Wenn aus ergaster die späteren Spezies heidelbergensis, neanderthalensis und sapiens hervorgingen, besteht eine erhebliche zeitliche Lücke zwischen dem jüngsten ergaster vor etwa 1,5 Millionen Jahren und dem ältesten heidelbergensis vor 0,8 Millionen Jahren. In dieser Zeitspanne steht üblicherweise der mit Homo erectus bezeichnete Hominide, den aber manche Paläanthropologen zu spezialisiert halten, so dass er kein Vorfahre des Jetztmenschen sein kann. Der Jetztmensch (Homo sapiens) entstand wahrscheinlich vor 100 000 bis 200 000 Jahren in Afrika. Er ist die einzige heute noch lebende Hominidenspezies und auch der letzte Überlebende aus der zoologischen Familie der Hominidae. Diese kurze Übersicht über die Gattung Homo soll deutlich machen, wie kompliziert die Evolution dieser Gattung war. Die Artenvielfalt spricht wieder einmal dafür, dass die Evolution der heutigen Menschen kein gerichteter, eingleisiger Prozess war, sondern wie die Entwicklung anderer Säugetiergruppen mit Verzweigung und Artbildung verbunden war.

Homo habilis
(Olduvai-Schlucht, Tansania; 1,75 Mio Jahre, 1960)

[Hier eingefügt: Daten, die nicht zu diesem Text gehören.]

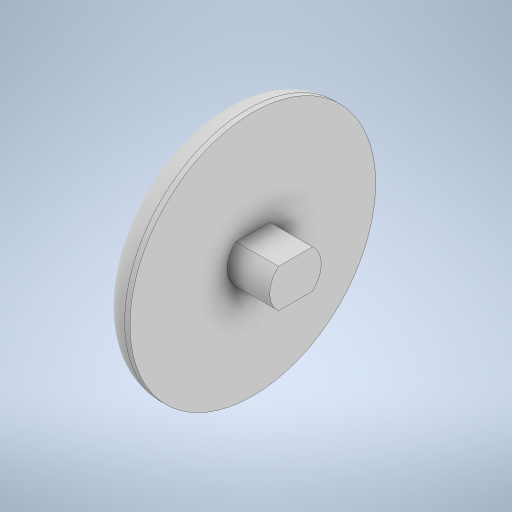
# Autodesk Inventor part: cap
Saved by Autodesk Inventor 2023 (Build 270158000, 158)
## iProperties
Created: 2025-12-21
Part Number: cap
Material: Generic
Document SubType Name: Modeling
Designer: Justin Pascual
Density: 1 g/cm^3
Appearance: Default
Author: Justin Pascual
Autodesk Inventor part; units mm, degrees
ref_plane "YZ Plane" through (0, 0, 0) normal (1, 0, 0) x (0, 1, 0)
ref_plane "XZ Plane" through (0, 0, 0) normal (0, 1, 0) x (-1, 0, 0)
ref_plane "XY Plane" through (0, 0, 0) normal (0, 0, 1) x (1, 0, 0)
sketch "Sketch1" plane through (0, 0, 0) normal (1, 0, 0) x (0, 1, 0)
  circle A0 centre (0, 0) radius 14.605
  dimension "d0" = 29.21
  constraints: 1 centre point, 1 coincident
  measures "d0" diameter of A0
extrude "Extrusion1" add sketch "Sketch1" along normal blind 3.81
sketch "Sketch2" plane through (3.81, 0, 0) normal (1, 0, 0) x (0, 0, -1)
  circle A0 centre (0, 0) radius 3.048
  dimension "d3" = 6.096
  constraints: 1 centre point, 1 coincident
  measures "d3" diameter of A0
extrude "Extrusion2" add sketch "Sketch2" along normal blind 5.08
fillet "Fillet1" radius 3.175 1 edges at (0, -14.605, 0)
sketch "Sketch4" plane through (0, 0, 0) normal (-1, 0, 0) x (0, 0, 1)
  arc A0 (-5.6465, -0.0713) -> (-5.6554, -0.2762) centre (-3.74, -0.2569) ccw
  arc A1 (-5.6141, 0.1942) -> (-5.6465, -0.0713) centre (-0.2253, -0.5991) ccw
  arc A2 (-5.5662, 0.4727) -> (-5.6141, 0.1942) centre (0.1529, -0.6547) ccw
  arc A3 (-5.5086, 0.7215) -> (-5.5662, 0.4727) centre (-1.7406, -0.2815) ccw
  arc A4 (-5.4267, 0.9766) -> (-5.5086, 0.7215) centre (-2.9409, 0.038) ccw
  arc A5 (-5.304, 1.2751) -> (-5.4267, 0.9766) centre (-0.2248, -0.9874) ccw
  arc A6 (-5.163, 1.5684) -> (-5.304, 1.2751) centre (-0.1685, -1.0125) ccw
  arc A7 (-5.0245, 1.8082) -> (-5.163, 1.5684) centre (-2.5323, 0.209) ccw
  arc A8 (-4.869, 2.0358) -> (-5.0245, 1.8082) centre (-1.0123, -0.7664) ccw
  arc A9 (-4.676, 2.2913) -> (-4.869, 2.0358) centre (2.1392, -3.0561) ccw
  arc A10 (-4.4775, 2.535) -> (-4.676, 2.2913) centre (1.9807, -2.9319) ccw
  arc A11 (-4.3056, 2.7244) -> (-4.4775, 2.535) centre (-1.6197, 0.1159) ccw
  arc A12 (-4.1196, 2.9069) -> (-4.3056, 2.7244) centre (-0.4386, -1.0312) ccw
  arc A13 (-3.8757, 3.1295) -> (-4.1196, 2.9069) centre (5.2583, -7.1259) ccw
  arc A14 (-3.6172, 3.3542) -> (-3.8757, 3.1295) centre (5.6741, -7.5927) ccw
  arc A15 (-3.384, 3.5453) -> (-3.6172, 3.3542) centre (1.9777, -3.2377) ccw
  arc A16 (-3.1278, 3.7362) -> (-3.384, 3.5453) centre (0.0717, -0.8264) ccw
  arc A17 (-2.7957, 3.9619) -> (-3.1278, 3.7362) centre (4.7659, -7.5206) ccw
  arc A18 (-2.4462, 4.1848) -> (-2.7957, 3.9619) centre (5.0689, -7.9808) ccw
  arc A19 (-2.1334, 4.3689) -> (-2.4462, 4.1848) centre (1.9799, -2.9802) ccw
  arc A20 (-1.7942, 4.5471) -> (-2.1334, 4.3689) centre (1.421, -1.9817) ccw
  arc A21 (-1.3601, 4.7537) -> (-1.7942, 4.5471) centre (6.0902, -11.4629) ccw
  arc A22 (-0.9069, 4.9546) -> (-1.3601, 4.7537) centre (6.3782, -12.0897) ccw
  arc A23 (-0.5051, 5.1169) -> (-0.9069, 4.9546) centre (3.3555, -5.0178) ccw
  arc A24 (-0.5051, 5.1169) -> (-0.1633, 5.2508) centre (-7.5686, 23.6598) ccw
  arc A25 (-0.1633, 5.2508) -> (0.1029, 5.3637) centre (-3.0503, 12.4277) ccw
  arc A26 (0.1029, 5.3637) -> (0.2863, 5.4497) centre (-2.0951, 10.2878) ccw
  arc A27 (0.2863, 5.4497) -> (0.2822, 5.4684) centre (0.282, 5.4585) ccw
  arc A28 (1.732, 5.7393) -> (1.7288, 5.6986) centre (1.7542, 5.7171) ccw
  arc A29 (1.7288, 5.6986) -> (1.8415, 5.5509) centre (5.1977, 8.2289) ccw
  arc A30 (1.8415, 5.5509) -> (1.9924, 5.3743) centre (4.5398, 7.7039) ccw
  arc A31 (1.9924, 5.3743) -> (2.1821, 5.1752) centre (6.9782, 9.9337) ccw
  arc A32 (2.4175, 4.9127) -> (2.1821, 5.1752) centre (-0.2932, 2.7193) ccw
  arc A33 (2.6207, 4.6321) -> (2.4175, 4.9127) centre (-0.1096, 2.8679) ccw
  arc A34 (2.791, 4.3346) -> (2.6207, 4.6321) centre (-0.0502, 2.9062) ccw
  arc A35 (2.9276, 4.0215) -> (2.791, 4.3346) centre (-0.0136, 2.9247) ccw
  arc A36 (3.0322, 3.7206) -> (2.9276, 4.0215) centre (-3.7608, 1.5272) ccw
  arc A37 (3.1484, 3.3453) -> (3.0322, 3.7206) centre (-12.5502, -1.3107) ccw
  arc A38 (3.2578, 2.9596) -> (3.1484, 3.3453) centre (-12.9445, -1.4276) ccw
  arc A39 (3.3418, 2.6247) -> (3.2578, 2.9596) centre (-5.6824, 0.5388) ccw
  arc A40 (3.4241, 2.1569) -> (3.3418, 2.6247) centre (-1.0267, 1.615) ccw
  arc A41 (3.4758, 1.5875) -> (3.4241, 2.1569) centre (-5.844, 1.0284) ccw
  arc A42 (3.5034, 0.8484) -> (3.4758, 1.5875) centre (-12.8805, 0.6063) ccw
  arc A43 (3.5094, -0.1688) -> (3.5034, 0.8484) centre (-53.4811, 0.0065) ccw
  arc A44 (3.4966, -1.3751) -> (3.5094, -0.1688) centre (-76.6004, 0.0774) ccw
  arc A45 (3.459, -2.053) -> (3.4966, -1.3751) centre (-5.6132, -1.2099) ccw
  arc A46 (3.3775, -2.6038) -> (3.459, -2.053) centre (-1.657, -1.5776) ccw
  arc A47 (3.2212, -3.2698) -> (3.3775, -2.6038) centre (-7.9955, -0.2856) ccw
  arc A48 (3.093, -3.71) -> (3.2212, -3.2698) centre (-6.2812, -0.7417) ccw
  arc A49 (2.941, -4.1565) -> (3.093, -3.71) centre (-7.3983, -0.3879) ccw
  arc A50 (2.7884, -4.5487) -> (2.941, -4.1565) centre (-6.23, -0.8138) ccw
  arc A51 (2.6634, -4.8003) -> (2.7884, -4.5487) centre (0.8989, -3.7662) ccw
  arc A52 (2.5346, -4.9925) -> (2.6634, -4.8003) centre (1.0054, -3.8286) ccw
  arc A53 (2.3759, -5.1807) -> (2.5346, -4.9925) centre (0.576, -3.5018) ccw
  arc A54 (2.2126, -5.3386) -> (2.3759, -5.1807) centre (0.7613, -3.6747) ccw
  arc A55 (2.0722, -5.4341) -> (2.2126, -5.3386) centre (1.7464, -4.8041) ccw
  arc A56 (1.8649, -5.5155) -> (2.0722, -5.4341) centre (1.5744, -4.4716) ccw
  arc A57 (1.6748, -5.5367) -> (1.8649, -5.5155) centre (1.7045, -4.939) ccw
  arc A58 (1.419, -5.5007) -> (1.6748, -5.5367) centre (1.746, -4.103) ccw
  arc A59 (0.9213, -5.3769) -> (1.419, -5.5007) centre (5.6118, 12.4168) ccw
  arc A60 (0.5621, -5.28) -> (0.9213, -5.3769) centre (9.1798, 25.9517) ccw
  arc A61 (0.1735, -5.1709) -> (0.5621, -5.28) centre (12.4982, 37.9783) ccw
  arc A62 (-0.1873, -5.0661) -> (0.1735, -5.1709) centre (11.5162, 34.5399) ccw
  arc A63 (-0.4514, -4.9848) -> (-0.1873, -5.0661) centre (3.3268, 6.8259) ccw
  arc A64 (-0.7227, -4.8868) -> (-0.4514, -4.9848) centre (0.738, -1.2668) ccw
  arc A65 (-1.1143, -4.7232) -> (-0.7227, -4.8868) centre (5.8148, 11.3157) ccw
  arc A66 (-1.5449, -4.531) -> (-1.1143, -4.7232) centre (6.6251, 13.1912) ccw
  arc A67 (-1.9539, -4.3357) -> (-1.5449, -4.531) centre (5.4282, 10.5949) ccw
  arc A68 (-2.372, -4.1184) -> (-1.9539, -4.3357) centre (3.2302, 6.1494) ccw
  arc A69 (-2.8306, -3.8595) -> (-2.372, -4.1184) centre (6.3574, 11.881) ccw
  arc A70 (-3.2602, -3.6002) -> (-2.8306, -3.8595) centre (5.8348, 10.9857) ccw
  arc A71 (-3.5828, -3.3849) -> (-3.2602, -3.6002) centre (0.0383, 1.6898) ccw
  arc A72 (-3.873, -3.1625) -> (-3.5828, -3.3849) centre (-0.4693, 0.9784) ccw
  arc A73 (-4.197, -2.8843) -> (-3.873, -3.1625) centre (2.4433, 4.5218) ccw
  arc A74 (-4.5043, -2.5966) -> (-4.197, -2.8843) centre (2.3234, 4.388) ccw
  arc A75 (-4.7417, -2.3458) -> (-4.5043, -2.5966) centre (-1.3894, 0.5899) ccw
  arc A76 (-4.9465, -2.0901) -> (-4.7417, -2.3458) centre (-1.9464, 0.1021) ccw
  arc A77 (-5.1523, -1.7887) -> (-4.9465, -2.0901) centre (-0.3352, 1.2794) ccw
  arc A78 (-5.3296, -1.4893) -> (-5.1523, -1.7887) centre (-0.6214, 1.0972) ccw
  arc A79 (-5.444, -1.2432) -> (-5.3296, -1.4893) centre (-3.5575, -0.5158) ccw
  arc A80 (-5.5236, -1.0061) -> (-5.444, -1.2432) centre (-2.7878, -0.2191) ccw
  arc A81 (-5.5915, -0.7375) -> (-5.5236, -1.0061) centre (-1.4164, 0.1755) ccw
  arc A82 (-5.6392, -0.479) -> (-5.5915, -0.7375) centre (-1.6866, 0.1164) ccw
  arc A83 (-5.6554, -0.2762) -> (-5.6392, -0.479) centre (-4.1953, -0.2615) ccw
  arc A84 (-0.8061, 0.9371) -> (-0.8024, 0.86) centre (-0.6453, 0.9061) ccw
  arc A85 (-0.8024, 0.86) -> (-0.7642, 0.7759) centre (-0.4887, 0.952) ccw
  arc A86 (-0.7642, 0.7759) -> (-0.6987, 0.6978) centre (-0.4301, 0.9895) ccw
  arc A87 (-0.6987, 0.6978) -> (-0.6152, 0.6385) centre (-0.4234, 0.9967) ccw
  arc A88 (-0.6152, 0.6385) -> (-0.5006, 0.591) centre (-0.3178, 1.1941) ccw
  arc A89 (-0.5006, 0.591) -> (-0.3373, 0.5486) centre (0.1071, 2.5958) ccw
  arc A90 (-0.3373, 0.5486) -> (-0.1569, 0.5168) centre (0.1561, 2.8218) ccw
  arc A91 (-0.1569, 0.5168) -> (0.0144, 0.5018) centre (0.0865, 2.3088) ccw
  arc A92 (0.0144, 0.5018) -> (0.1943, 0.5059) centre (0.0714, 1.9317) ccw
  arc A93 (0.1943, 0.5059) -> (0.401, 0.5323) centre (-0.0258, 3.0602) ccw
  arc A94 (0.401, 0.5323) -> (0.6017, 0.5747) centre (-0.017, 3.0079) ccw
  arc A95 (0.6017, 0.5747) -> (0.7626, 0.6281) centre (0.3107, 1.7191) ccw
  arc A96 (0.7626, 0.6281) -> (0.8943, 0.6933) centre (0.3445, 1.6375) ccw
  arc A97 (0.8943, 0.6933) -> (1.0055, 0.7714) centre (0.4905, 1.3868) ccw
  arc A98 (1.0055, 0.7714) -> (1.0832, 0.8503) centre (0.6344, 1.2148) ccw
  arc A99 (1.0832, 0.8503) -> (1.1065, 0.9159) centre (1.0024, 0.9159) ccw
  arc A100 (1.1065, 0.9159) -> (1.0851, 0.983) centre (0.9908, 0.9159) ccw
  arc A101 (1.0851, 0.983) -> (1.0134, 1.0668) centre (0.5836, 0.6263) ccw
  arc A102 (1.0134, 1.0668) -> (0.9109, 1.1518) centre (0.4374, 0.4764) ccw
  arc A103 (0.9109, 1.1518) -> (0.7895, 1.2252) centre (0.3037, 0.2856) ccw
  arc A104 (0.7895, 1.2252) -> (0.6424, 1.2879) centre (0.2947, 0.2683) ccw
  arc A105 (0.6424, 1.2879) -> (0.4615, 1.3405) centre (-0.0227, -0.6623) ccw
  arc A106 (0.4615, 1.3405) -> (0.2768, 1.3763) centre (-0.0219, -0.659) ccw
  arc A107 (0.2768, 1.3763) -> (0.118, 1.3876) centre (0.1228, 0.3266) ccw
  arc A108 (0.118, 1.3876) -> (-0.0373, 1.3771) centre (0.1236, 0.148) ccw
  arc A109 (-0.0373, 1.3771) -> (-0.211, 1.3467) centre (0.227, -0.6422) ccw
  arc A110 (-0.211, 1.3467) -> (-0.3762, 1.3026) centre (0.2088, -0.5599) ccw
  arc A111 (-0.3762, 1.3026) -> (-0.5042, 1.2506) centre (-0.1235, 0.4982) ccw
  arc A112 (-0.5042, 1.2506) -> (-0.6091, 1.1856) centre (-0.1798, 0.6096) ccw
  arc A113 (-0.6091, 1.1856) -> (-0.7033, 1.1026) centre (-0.1505, 0.5703) ccw
  arc A114 (-0.7033, 1.1026) -> (-0.774, 1.015) centre (-0.2392, 0.6557) ccw
  arc A115 (-0.774, 1.015) -> (-0.8061, 0.9371) centre (-0.5985, 0.8971) ccw
  arc A116 (-0.702, 0.9022) -> (-0.72, 0.8615) centre (-0.665, 0.8615) ccw
  arc A117 (-0.6411, 0.9476) -> (-0.702, 0.9022) centre (-0.4441, 0.6193) ccw
  arc A118 (-0.5542, 0.99) -> (-0.6411, 0.9476) centre (-0.35, 0.4625) ccw
  arc A119 (-0.4514, 1.0227) -> (-0.5542, 0.99) centre (-0.2383, 0.1739) ccw
  arc A120 (-0.329, 1.0437) -> (-0.4514, 1.0227) centre (-0.2529, 0.2319) ccw
  arc A121 (-0.1828, 1.0505) -> (-0.329, 1.0437) centre (-0.1828, -0.5159) ccw
  arc A122 (-0.0365, 1.0437) -> (-0.1828, 1.0505) centre (-0.1828, -0.5159) ccw
  arc A123 (0.0858, 1.0227) -> (-0.0365, 1.0437) centre (-0.1127, 0.2319) ccw
  arc A124 (0.1887, 0.99) -> (0.0858, 1.0227) centre (-0.1272, 0.1739) ccw
  arc A125 (0.2755, 0.9476) -> (0.1887, 0.99) centre (-0.0155, 0.4625) ccw
  arc A126 (0.3365, 0.9022) -> (0.2755, 0.9476) centre (0.0786, 0.6193) ccw
  arc A127 (0.3544, 0.8615) -> (0.3365, 0.9022) centre (0.2994, 0.8615) ccw
  arc A128 (0.3365, 0.8209) -> (0.3544, 0.8615) centre (0.2994, 0.8615) ccw
  arc A129 (0.2755, 0.7755) -> (0.3365, 0.8209) centre (0.0786, 1.1038) ccw
  arc A130 (0.1887, 0.7331) -> (0.2755, 0.7755) centre (-0.0155, 1.2606) ccw
  arc A131 (0.0858, 0.7004) -> (0.1887, 0.7331) centre (-0.1272, 1.5491) ccw
  arc A132 (-0.0365, 0.6794) -> (0.0858, 0.7004) centre (-0.1127, 1.4912) ccw
  arc A133 (-0.1828, 0.6726) -> (-0.0365, 0.6794) centre (-0.1828, 2.2389) ccw
  arc A134 (-0.329, 0.6794) -> (-0.1828, 0.6726) centre (-0.1828, 2.2389) ccw
  arc A135 (-0.4514, 0.7004) -> (-0.329, 0.6794) centre (-0.2529, 1.4912) ccw
  arc A136 (-0.5542, 0.7331) -> (-0.4514, 0.7004) centre (-0.2384, 1.5491) ccw
  arc A137 (-0.6411, 0.7755) -> (-0.5542, 0.7331) centre (-0.35, 1.2606) ccw
  arc A138 (-0.702, 0.8209) -> (-0.6411, 0.7755) centre (-0.4441, 1.1038) ccw
  arc A139 (-0.72, 0.8615) -> (-0.702, 0.8209) centre (-0.665, 0.8615) ccw
  arc A140 (1.1654, 2.4636) -> (1.1531, 2.1926) centre (3.902, 2.2035) ccw
  arc A141 (1.1531, 2.1926) -> (1.1654, 1.8953) centre (5.1247, 2.2083) ccw
  arc A142 (1.1654, 1.8953) -> (1.1993, 1.6066) centre (4.9828, 2.1971) ccw
  arc A143 (1.1993, 1.6066) -> (1.2524, 1.3622) centre (3.2813, 1.9315) ccw
  arc A144 (1.2524, 1.3622) -> (1.3214, 1.1513) centre (3.7833, 2.0724) ccw
  arc A145 (1.3214, 1.1513) -> (1.41, 0.9394) centre (4.14, 2.2059) ccw
  arc A146 (1.41, 0.9394) -> (1.504, 0.7559) centre (3.8105, 2.053) ccw
  arc A147 (1.504, 0.7559) -> (1.5876, 0.6397) centre (2.0638, 1.0707) ccw
  arc A148 (1.5876, 0.6397) -> (1.6762, 0.5537) centre (2.2968, 1.2815) ccw
  arc A149 (1.6762, 0.5537) -> (1.7836, 0.4708) centre (2.5832, 1.6174) ccw
  arc A150 (1.7836, 0.4708) -> (1.8928, 0.4024) centre (2.5272, 1.5371) ccw
  arc A151 (1.8928, 0.4024) -> (1.9855, 0.3623) centre (2.1366, 0.8385) ccw
  arc A152 (1.9855, 0.3623) -> (2.0826, 0.3491) centre (2.072, 0.6348) ccw
  arc A153 (2.0826, 0.3491) -> (2.2048, 0.3645) centre (2.0567, 1.0462) ccw
  arc A154 (2.2048, 0.3645) -> (2.3315, 0.4035) centre (2.0379, 1.1326) ccw
  arc A155 (2.3315, 0.4035) -> (2.4429, 0.4617) centre (2.0932, 0.9953) ccw
  arc A156 (2.4429, 0.4617) -> (2.5515, 0.5599) centre (2.1836, 0.8575) ccw
  arc A157 (2.5515, 0.5599) -> (2.6713, 0.7272) centre (1.1834, 1.6661) ccw
  arc A158 (2.6713, 0.7272) -> (2.7826, 0.9278) centre (0.9458, 1.8161) ccw
  arc A159 (2.7826, 0.9278) -> (2.8674, 1.1344) centre (1.1347, 1.7247) ccw
  arc A160 (2.8674, 1.1344) -> (2.9338, 1.3723) centre (0.7866, 1.8433) ccw
  arc A161 (2.9338, 1.3723) -> (2.9896, 1.6702) centre (-1.8893, 2.4304) ccw
  arc A162 (2.9896, 1.6702) -> (3.0279, 1.9773) centre (-2.0236, 2.4514) ccw
  arc A163 (3.0279, 1.9773) -> (3.0405, 2.2451) centre (0.1745, 2.2451) ccw
  arc A164 (3.0405, 2.2451) -> (3.0258, 2.5429) centre (0.0074, 2.2451) ccw
  arc A165 (3.0258, 2.5429) -> (2.9818, 2.8162) centre (0.7805, 2.3213) ccw
  arc A166 (2.9818, 2.8162) -> (2.9066, 3.0728) centre (0.9388, 2.3569) ccw
  arc A167 (2.9066, 3.0728) -> (2.7987, 3.3204) centre (0.8572, 2.3272) ccw
  arc A168 (2.7987, 3.3204) -> (2.6928, 3.5094) centre (0.2659, 2.0248) ccw
  arc A169 (2.6928, 3.5094) -> (2.5744, 3.6865) centre (0.4245, 2.1217) ccw
  arc A170 (2.5744, 3.6865) -> (2.4606, 3.8304) centre (0.7326, 2.346) ccw
  arc A171 (2.4606, 3.8304) -> (2.3746, 3.9031) centre (2.1908, 3.5987) ccw
  arc A172 (2.3746, 3.9031) -> (2.2771, 3.9441) centre (2.1862, 3.5911) ccw
  arc A173 (2.2771, 3.9441) -> (2.1648, 3.9591) centre (2.1579, 3.4811) ccw
  arc A174 (2.1648, 3.9591) -> (2.0389, 3.9477) centre (2.1561, 3.355) ccw
  arc A175 (2.0389, 3.9477) -> (1.9013, 3.9099) centre (2.2286, 2.9881) ccw
  arc A176 (1.9013, 3.9099) -> (1.7746, 3.8431) centre (2.0686, 3.4386) ccw
  arc A177 (1.7746, 3.8431) -> (1.6383, 3.7275) centre (2.4729, 2.8824) ccw
  arc A178 (1.6383, 3.7275) -> (1.5124, 3.5837) centre (2.568, 2.7861) ccw
  arc A179 (1.5124, 3.5837) -> (1.4159, 3.4306) centre (2.3632, 2.9409) ccw
  arc A180 (1.4159, 3.4306) -> (1.3373, 3.2447) centre (2.5829, 2.8273) ccw
  arc A181 (1.3373, 3.2447) -> (1.2621, 2.9914) centre (4.9275, 2.0417) ccw
  arc A182 (1.2621, 2.9914) -> (1.2011, 2.7174) centre (5.2222, 1.9653) ccw
  arc A183 (1.2011, 2.7174) -> (1.1654, 2.4636) centre (3.9974, 2.1944) ccw
  arc A184 (1.2182, 2.3502) -> (1.214, 2.2129) centre (3.4297, 2.2129) ccw
  arc A185 (1.2313, 2.4658) -> (1.2182, 2.3502) centre (2.364, 2.279) ccw
  arc A186 (1.2499, 2.5531) -> (1.2313, 2.4658) centre (2.1922, 2.3074) ccw
  arc A187 (1.273, 2.571) -> (1.2499, 2.5531) centre (1.273, 2.5471) ccw
  arc A188 (1.3103, 2.5638) -> (1.273, 2.571) centre (1.273, 2.4713) ccw
  arc A189 (1.4079, 2.5229) -> (1.3103, 2.5638) centre (-0.1186, -0.979) ccw
  arc A190 (1.5234, 2.4699) -> (1.4079, 2.5229) centre (0.0725, -0.5406) ccw
  arc A191 (1.6491, 2.4071) -> (1.5234, 2.4699) centre (-0.6443, -2.0277) ccw
  arc A192 (1.7704, 2.3386) -> (1.6491, 2.4071) centre (0.7674, 0.7022) ccw
  arc A193 (1.8727, 2.2685) -> (1.7704, 2.3386) centre (1.139, 1.3083) ccw
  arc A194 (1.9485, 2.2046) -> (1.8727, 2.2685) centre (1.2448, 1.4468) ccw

Bild: Homo habilis (aus GEO)

Bild: Homo habilis, KNM-ER 1813; Dieser Schädel stammt aus Koobi Fora in Kenia. (Aus Johanson)

Der Fund besteht aus zwei Dutzend Knochen und 14 Zähnen, die vermutlich zum Skelett eines Kindes gehören, das im Alter von 10 bis 12 Jahren starb. Es trägt des Spitznamen "Jonnys Kind" zu Ehren seines Entdeckers, des ältesten Sohnes von Louis und Mary Leakey. Die relativ großen Schneidezähne und die schmalen Mahlzähne waren ein Indiz dafür, dass es sich hier um eine neue Hominidenart handelte. 1968 wurde ein stark zerstückelter, zusammengebrochener Schädel (Tobias: "So platt war sonst nur Twiggy!") mit dem Spitznamen des englischen Fotomodells in der Olduvai-Schlucht gefunden, der aufgrund der Merkmale einem jungen Homo habilis zuzurechnen ist.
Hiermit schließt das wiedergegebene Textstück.